Saturday, July 25, 2009

Woodland Clematis

Clematis decipiens (previously included in Clematis microphylla)
I have just spent a delightful afternoon with friends, rambling over a hillside at Gowrie Junction where this plant is flowering spectacularly.
We wanted to learn how to distinguish between the male and female plants - and found it easier than we expected.

The male flowers held their heads up and looked us straight in the eye

- and were crowded in masses all over the plants.

The female flowers were numerous, but definitely not in such crowds, on the female plants.

They hung their heads modestly, their silky tresses gleaming in the slanting sun. We could actually pick them from afar by the gleam.

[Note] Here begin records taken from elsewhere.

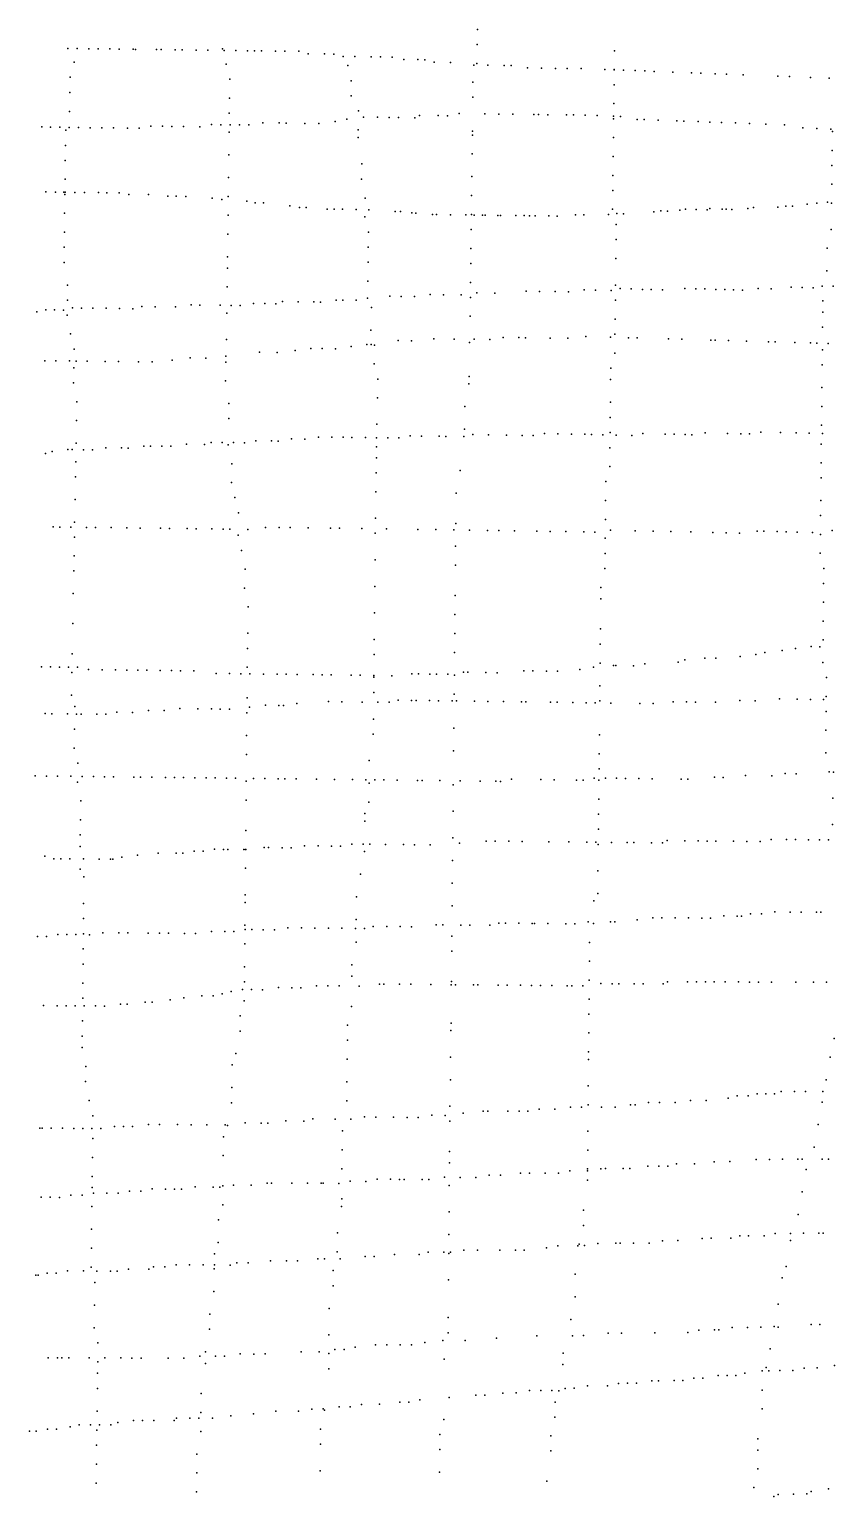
# Model space of a CAD drawing. Header units: metres. Extents: x 694845 to 695018, y 7627495 to 7627806.
# Drawn here: x 694847.5 to 694932.8, y 7627650.6 to 7627806.1 of the extents above; entities that cross this region are included whole.
import ezdxf

# ---------------------------------------------------------------- set-up
doc = ezdxf.new("R2010")
doc.units = ezdxf.units.M

msp = doc.modelspace()

# ---------------------------------------------------------------- linework, layer by layer
at = {"layer": 'Pontos'}
for p in [(694894.94, 7627806.08, 416), (694851.54, 7627804.05, 416), (694852.53, 7627804.04, 416), (694853.77, 7627804.02, 416), (694854.76, 7627804.01, 416), (694855.99, 7627804, 416), (694867.94, 7627804, 416), (694894.92, 7627804.48, 416), (694852.22, 7627802.59, 416), (694856.98, 7627803.98, 416), (694858.47, 7627803.97, 416), (694858.71, 7627803.96, 416), (694860.94, 7627803.94, 416), (694861.43, 7627803.93, 416), (694862.92, 7627803.91, 416), (694863.66, 7627803.9, 416), (694865.14, 7627803.89, 416), (694866.38, 7627803.87, 416), (694868.11, 7627803.85, 416), (694869.35, 7627803.83, 416), (694870.58, 7627803.82, 416), (694871.33, 7627803.81, 416), (694872.07, 7627803.8, 416), (694873.55, 7627803.78, 416), (694874.54, 7627803.77, 416), (694876.03, 7627803.76, 416), (694877.01, 7627803.5, 416), (694878.74, 7627803.48, 417), (694879.73, 7627803.46, 417), (694880.72, 7627803.21, 417), (694881.96, 7627803.19, 417), (694883.69, 7627803.17, 417), (694884.68, 7627803.16, 417), (694885.91, 7627803.14, 417), (694887.15, 7627802.88, 417), (694888.63, 7627802.87, 417), (694889.37, 7627802.86, 417), (694890.36, 7627802.6, 417), (694892.09, 7627802.58, 416), (694894.9, 7627802.48, 416), (694909.46, 7627803.81, 414), (694851.8, 7627801, 416), (694868.32, 7627802.4, 416), (694881.21, 7627802.24, 417), (694894.56, 7627802.3, 416), (694896.05, 7627802.28, 416), (694897.78, 7627802.26, 416), (694898.52, 7627802.26, 416), (694900.25, 7627801.99, 415), (694901.73, 7627801.97, 415), (694903.22, 7627801.95, 415), (694904.45, 7627801.94, 415), (694905.94, 7627801.92, 415), (694908.43, 7627801.83, 414), (694909.43, 7627801.81, 414), (694909.43, 7627801.79, 414), (694910.42, 7627801.76, 414), (694911.67, 7627801.71, 414), (694912.67, 7627801.67, 414), (694913.66, 7627801.63, 414), (694915.65, 7627801.56, 413), (694917.64, 7627801.48, 413), (694918.63, 7627801.44, 413), (694920.12, 7627801.38, 413), (694921.35, 7627801.34, 412), (694923.09, 7627801.27, 412), (694926.79, 7627801.13, 412), (694928.02, 7627801.08, 412), (694930.24, 7627800.99, 411), (694932.21, 7627800.91, 411), (694851.78, 7627799.39, 416), (694868.71, 7627800.79, 416), (694881.59, 7627800.64, 417), (694894.47, 7627800.48, 416), (694909.42, 7627800.21, 414), (694868.68, 7627798.79, 416), (694881.57, 7627799.04, 417), (694894.45, 7627798.88, 416), (694909.39, 7627798.21, 414), (694851.75, 7627797.39, 416), (694868.66, 7627797.19, 416), (694879.89, 7627796.33, 416), (694881.13, 7627796.56, 416), (694882.36, 7627797.43, 416), (694882.87, 7627796.79, 416), (694884.35, 7627796.77, 417), (694885.59, 7627796.75, 417), (694886.58, 7627796.74, 417), (694888.31, 7627796.72, 417), (694888.81, 7627796.96, 417), (694890.79, 7627796.94, 416), (694891.78, 7627796.93, 416), (694893.02, 7627797.16, 416), (694895.74, 7627797.12, 416), (694897.22, 7627797.11, 416), (694898.7, 7627797.09, 416), (694900.93, 7627797.06, 415), (694901.42, 7627797.06, 415), (694902.41, 7627797.04, 415), (694904.39, 7627797.02, 415), (694905.13, 7627797.01, 415), (694906.37, 7627796.99, 415), (694907.62, 7627796.95, 414), (694909.37, 7627796.88, 414), (694909.37, 7627796.61, 414), (694910.12, 7627796.85, 414), (694911.86, 7627796.54, 414), (694912.6, 7627796.52, 414), (694914.1, 7627796.46, 414), (694916.08, 7627796.39, 413), (694916.83, 7627796.36, 413), (694918.32, 7627796.31, 413), (694919.56, 7627796.26, 413), (694920.8, 7627796.21, 413), (694848.8, 7627795.75, 416), (694849.71, 7627795.71, 416), (694850.7, 7627795.7, 416), (694851.33, 7627795.4, 416), (694851.69, 7627795.69, 416), (694852.68, 7627795.67, 416), (694853.91, 7627795.66, 416), (694855.15, 7627795.64, 416), (694856.39, 7627795.63, 416), (694857.87, 7627795.61, 415), (694859.11, 7627795.6, 415), (694860.35, 7627795.83, 415), (694861.58, 7627795.81, 416), (694862.57, 7627795.8, 416), (694863.81, 7627795.79, 416), (694865.54, 7627795.76, 416), (694866.78, 7627796, 416), (694867.77, 7627795.98, 416), (694868.64, 7627795.19, 416), (694868.76, 7627795.97, 416), (694869.75, 7627795.96, 416), (694870.74, 7627795.95, 416), (694872.22, 7627796.18, 416), (694873.96, 7627796.16, 416), (694874.7, 7627796.15, 416), (694876.68, 7627796.12, 416), (694878.16, 7627796.11, 416), (694882.33, 7627795.42, 416), (694894.41, 7627795.28, 416), (694894.41, 7627794.88, 416), (694922.28, 7627796.16, 413), (694923.77, 7627796.11, 412), (694925.5, 7627796.04, 412), (694927.47, 7627795.96, 412), (694929.44, 7627795.63, 412), (694930.92, 7627795.57, 411), (694932.39, 7627795.51, 411), (694932.55, 7627795.26, 411), (694851.31, 7627793.79, 415), (694882.32, 7627794.62, 416), (694909.35, 7627794.61, 414), (694932.52, 7627793.26, 411), (694851.29, 7627792.19, 415), (694868.61, 7627792.79, 416), (694882.69, 7627791.82, 416), (694894.38, 7627792.88, 416), (694909.32, 7627792.61, 414), (694932.51, 7627791.66, 411), (694851.26, 7627790.19, 415), (694868.58, 7627790.38, 415), (694882.67, 7627790.22, 416), (694894.35, 7627790.48, 416), (694909.3, 7627790.61, 414), (694849.21, 7627788.85, 415), (694850.24, 7627788.83, 415), (694851.12, 7627788.82, 415), (694851.24, 7627788.59, 415), (694851.27, 7627788.82, 415), (694852.3, 7627788.81, 415), (694853.33, 7627788.8, 415), (694854.8, 7627788.78, 415), (694855.68, 7627788.77, 415), (694857, 7627788.75, 415), (694858.03, 7627788.59, 415), (694860.09, 7627788.57, 415), (694894.33, 7627788.47, 416), (694909.28, 7627789.01, 414), (694932.49, 7627789.66, 411), (694862.14, 7627788.4, 415), (694863.02, 7627788.39, 415), (694864.05, 7627788.38, 415), (694866.84, 7627788.2, 415), (694867.87, 7627788.04, 415), (694868.56, 7627788.38, 415), (694870.51, 7627787.86, 415), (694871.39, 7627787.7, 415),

This clematis, with its creamy-yellow flowers, is one of my favourite plants, and I am surprised that it’s so rarely offered for sale, and almost never seen in gardens.
It’s a relatively small climber.
A trellis about a metre square would be enough for one plant. Its woody stems never get thicker than your little finger. It is so dainty that it looks delicate, but is really one of our toughest plants, resisting our worst droughts, and frosts. (Don’t expect the same frost hardiness from the white-flowered coastal variety of this plant.)

The female plants go on to produce these lovely “old man’s beard” seedheads in summer. Males are needed for pollination, of course, so for the best long-term display a number of plants would be grown to ensure having both sexes.
This is a particularly good plant to grow on a fence, but it can also be set free in a shrubbery, where it will go almost unnoticed until it flowers.